BREAKING: Supreme Court BLOCKS Trump's Tariffs (Most Arent Ready)
Source: Felix Friends | Date: February 22, 2026
Investment Thesis
The Supreme Court struck down Trump's IEEA-based tariffs (~50% of total tariffs), reducing the effective US tariff rate from 16.9% to 9.1%, which is deflationary and potentially bullish for risk assets short-term. However, Trump immediately imposed new 10% global tariffs under Section 122 (150-day expiry), creating massive policy uncertainty that will dominate markets through the midterm elections and likely benefit financial institutions while punishing retailers and importers.
Sentiment
NEUTRAL (cautiously optimistic short-term, uncertain medium-term)
Time Horizon
MEDIUM-TERM (through November 2026 midterms)
Key Takeaways
- Supreme Court ruling removes ~$175B in tariffs but creates years of litigation chaos over potential refunds
- New Section 122 tariffs (10% global) are temporary (150 days) and require Congressional approval to become permanent
- Tariff reduction could lower inflation by ~0.8%, potentially allowing more Fed rate cuts
- Market impact depends on midterm election outcomes: Trump sweep = permanent tariffs, Democratic gains = lower tariffs permanently
- Smart money is reducing import-heavy retailers, buying domestic industrials, and cautiously adding big tech (Apple, Nvidia, Google)
Market Views
- Inflation Impact: Every 1% tariff increase = ~0.1% inflation; 9% tariff reduction could yield 0.8% less inflation (Yale Budget Lab estimate)
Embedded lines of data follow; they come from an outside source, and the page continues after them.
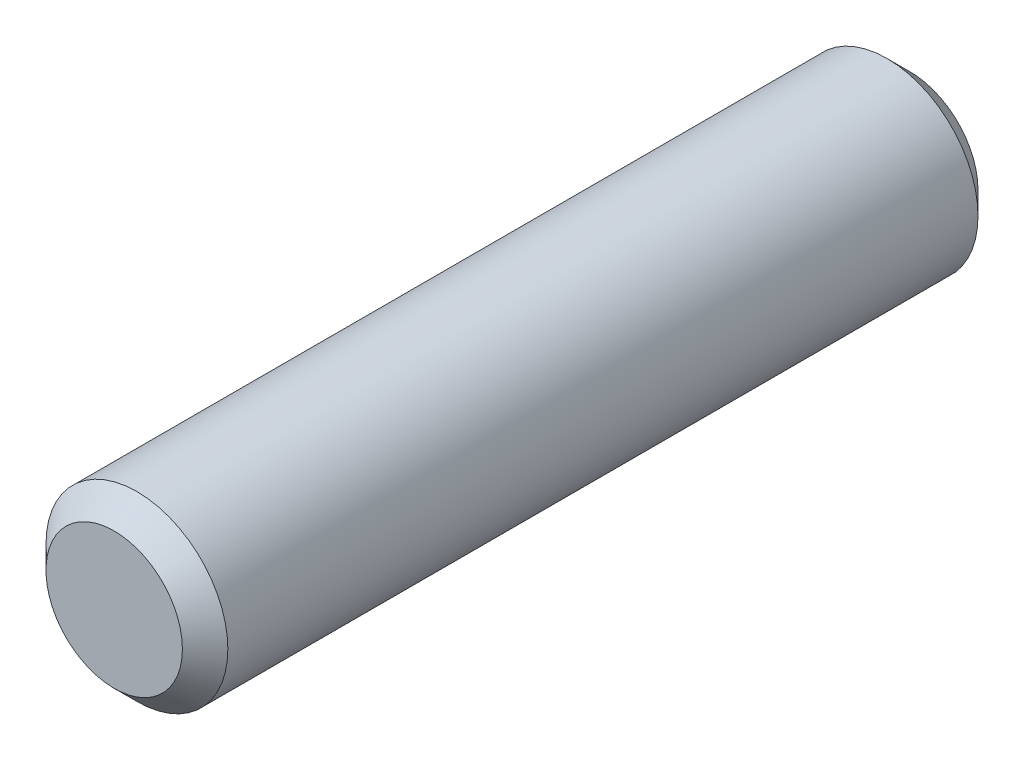
ISO-10303-21;
HEADER;
FILE_DESCRIPTION(('STEP AP214'),'2;1');
FILE_NAME('part.step','',(''),(''),'','','');
FILE_SCHEMA(('AUTOMOTIVE_DESIGN { 1 0 10303 214 1 1 1 1 }'));
ENDSEC;
DATA;
#1=APPLICATION_CONTEXT('core data for automotive mechanical design processes');
#2=APPLICATION_PROTOCOL_DEFINITION('international standard','automotive_design',2000,#1);
#3=PRODUCT_CONTEXT('',#1,'mechanical');
#4=PRODUCT('Part','Part','',(#3));
#5=PRODUCT_RELATED_PRODUCT_CATEGORY('part','',(#4));
#6=PRODUCT_DEFINITION_FORMATION('','',#4);
#7=PRODUCT_DEFINITION_CONTEXT('part definition',#1,'design');
#8=PRODUCT_DEFINITION('design','',#6,#7);
#9=PRODUCT_DEFINITION_SHAPE('','',#8);
#10=(LENGTH_UNIT() NAMED_UNIT(*) SI_UNIT(.MILLI.,.METRE.));
#11=(NAMED_UNIT(*) PLANE_ANGLE_UNIT() SI_UNIT($,.RADIAN.));
#12=(NAMED_UNIT(*) SI_UNIT($,.STERADIAN.) SOLID_ANGLE_UNIT());
#13=UNCERTAINTY_MEASURE_WITH_UNIT(LENGTH_MEASURE(1.E-05),#10,'distance_accuracy_value','');
#14=(GEOMETRIC_REPRESENTATION_CONTEXT(3) GLOBAL_UNCERTAINTY_ASSIGNED_CONTEXT((#13)) GLOBAL_UNIT_ASSIGNED_CONTEXT((#10,
#11,#12)) REPRESENTATION_CONTEXT('',''));
#15=CARTESIAN_POINT('',(0.,0.,0.));
#16=DIRECTION('',(0.,0.,1.));
#17=DIRECTION('',(1.,0.,0.));
#18=AXIS2_PLACEMENT_3D('',#15,#16,#17);
#19=CARTESIAN_POINT('',(0.,0.,35.));
#20=DIRECTION('',(0.,0.,-1.));
#21=DIRECTION('',(-1.,0.,0.));
#22=AXIS2_PLACEMENT_3D('',#19,#20,#21);
#23=CYLINDRICAL_SURFACE('',#22,4.);
#24=CARTESIAN_POINT('',(0.,0.,34.));
#25=DIRECTION('',(0.,0.,1.));
#26=DIRECTION('',(1.,0.,0.));
#27=AXIS2_PLACEMENT_3D('',#24,#25,#26);
#28=CIRCLE('',#27,4.);
#29=CARTESIAN_POINT('',(4.,0.,34.));
#30=VERTEX_POINT('',#29);
#31=EDGE_CURVE('E37',#30,#30,#28,.F.);
#32=ORIENTED_EDGE('',*,*,#31,.T.);
#33=EDGE_LOOP('',(#32));
#34=FACE_BOUND('',#33,.T.);
#35=CARTESIAN_POINT('',(0.,0.,1.00000000000001));
#36=DIRECTION('',(0.,0.,1.));
#37=DIRECTION('',(1.,0.,0.));
#38=AXIS2_PLACEMENT_3D('',#35,#36,#37);
#39=CIRCLE('',#38,4.);
#40=CARTESIAN_POINT('',(4.,0.,1.00000000000001));
#41=VERTEX_POINT('',#40);
#42=EDGE_CURVE('E41',#41,#41,#39,.T.);
#43=ORIENTED_EDGE('',*,*,#42,.T.);
#44=EDGE_LOOP('',(#43));
#45=FACE_BOUND('',#44,.T.);
#46=ADVANCED_FACE('F31',(#34,#45),#23,.T.);
#47=CARTESIAN_POINT('',(0.,0.,35.));
#48=DIRECTION('',(0.,0.,1.));
#49=DIRECTION('',(1.,0.,0.));
#50=AXIS2_PLACEMENT_3D('',#47,#48,#49);
#51=PLANE('',#50);
#52=CARTESIAN_POINT('',(0.,0.,35.));
#53=DIRECTION('',(0.,0.,1.));
#54=DIRECTION('',(1.,0.,0.));
#55=AXIS2_PLACEMENT_3D('',#52,#53,#54);
#56=CIRCLE('',#55,2.99999999999998);
#57=CARTESIAN_POINT('',(2.99999999999998,0.,35.));
#58=VERTEX_POINT('',#57);
#59=EDGE_CURVE('E45',#58,#58,#56,.T.);
#60=ORIENTED_EDGE('',*,*,#59,.T.);
#61=EDGE_LOOP('',(#60));
#62=FACE_BOUND('',#61,.T.);
#63=ADVANCED_FACE('F51',(#62),#51,.T.);
#64=CARTESIAN_POINT('',(0.,0.,0.));
#65=DIRECTION('',(0.,0.,1.));
#66=DIRECTION('',(1.,0.,0.));
#67=AXIS2_PLACEMENT_3D('',#64,#65,#66);
#68=PLANE('',#67);
#69=CARTESIAN_POINT('',(0.,0.,0.));
#70=DIRECTION('',(0.,0.,1.));
#71=DIRECTION('',(1.,0.,0.));
#72=AXIS2_PLACEMENT_3D('',#69,#70,#71);
#73=CIRCLE('',#72,2.99999999999999);
#74=CARTESIAN_POINT('',(2.99999999999999,0.,0.));
#75=VERTEX_POINT('',#74);
#76=EDGE_CURVE('E10',#75,#75,#73,.F.);
#77=ORIENTED_EDGE('',*,*,#76,.T.);
#78=EDGE_LOOP('',(#77));
#79=FACE_BOUND('',#78,.T.);
#80=ADVANCED_FACE('F56',(#79),#68,.F.);
#81=CARTESIAN_POINT('',(0.,0.,35.));
#82=DIRECTION('',(0.,0.,-1.));
#83=DIRECTION('',(-1.,0.,0.));
#84=AXIS2_PLACEMENT_3D('',#81,#82,#83);
#85=CONICAL_SURFACE('',#84,2.99999999999998,0.785398163397453);
#86=ORIENTED_EDGE('',*,*,#31,.F.);
#87=EDGE_LOOP('',(#86));
#88=FACE_BOUND('',#87,.T.);
#89=ORIENTED_EDGE('',*,*,#59,.F.);
#90=EDGE_LOOP('',(#89));
#91=FACE_BOUND('',#90,.T.);
#92=ADVANCED_FACE('F53',(#88,#91),#85,.T.);
#93=CARTESIAN_POINT('',(0.,0.,1.00000000000001));
#94=DIRECTION('',(0.,0.,1.));
#95=DIRECTION('',(1.,0.,0.));
#96=AXIS2_PLACEMENT_3D('',#93,#94,#95);
#97=CONICAL_SURFACE('',#96,4.,0.785398163397445);
#98=ORIENTED_EDGE('',*,*,#76,.F.);
#99=EDGE_LOOP('',(#98));
#100=FACE_BOUND('',#99,.T.);
#101=ORIENTED_EDGE('',*,*,#42,.F.);
#102=EDGE_LOOP('',(#101));
#103=FACE_BOUND('',#102,.T.);
#104=ADVANCED_FACE('F55',(#100,#103),#97,.T.);
#105=CLOSED_SHELL('',(#46,#63,#80,#92,#104));
#106=MANIFOLD_SOLID_BREP('B2',#105);
#107=ADVANCED_BREP_SHAPE_REPRESENTATION('',(#18,#106),#14);
#108=SHAPE_DEFINITION_REPRESENTATION(#9,#107);
ENDSEC;
END-ISO-10303-21;

- Effective Tariff Rates: Dropped from 16.9% (highest since 1935) to 9.1% (still highest since 1946)
- China: Faces 35% total tariffs (25% existing + 10% new)
- Europe/Japan/India/South Korea: Reset to 10% from 15-18%
- Section 122 Cliff: 150-day expiry will create significant volatility around deadline
- Dollar Strength: Tariff uncertainty creates stronger dollar, making US exports less competitive
- Fed Cuts: Lower inflation pressure increases probability of deeper rate cuts
Assets Discussed
- Costco (implicit) - Leading charge for tariff refunds; BULLISH (lower cost base, potential $175B windfall to importers)
- Apple, Nvidia, Google - Recent pop on tariff relief; BULLISH (creator made contrarian buy)
- Goldman Sachs, JP Morgan (banks generally) - BULLISH (love volatility, more trading volume/commissions)
- Domestic Industrials - BULLISH (reshoring theme continues despite tariff reduction)
- Import-Heavy Retailers - BEARISH (smart money reducing exposure due to refund uncertainty)
- Metals/Steel/Aluminum Producers - NEUTRAL to BEARISH (tariffs remain but foreign competition increases)
Risk Factors
- Massive Policy Uncertainty: "Materially more trade uncertainty" (Goldman Sachs) - tariff regime could completely reverse based on midterm election outcomes
- Litigation Chaos: $175B refund process could take years, creating unknown balance sheet impacts for importers/retailers
- Tariff Feedback Loop: Lower tariffs → less reshoring incentive → bigger trade deficit → more tariff pressure (vicious cycle)
Notable Quotes
"Goldman Sachs says there's slightly fewer tariffs, materially more uncertainty."
"Your job is to have a portfolio that's resilient. It's not a portfolio that does 100% a year. No, it's a portfolio that does relatively well in crisis. That's what the pros do."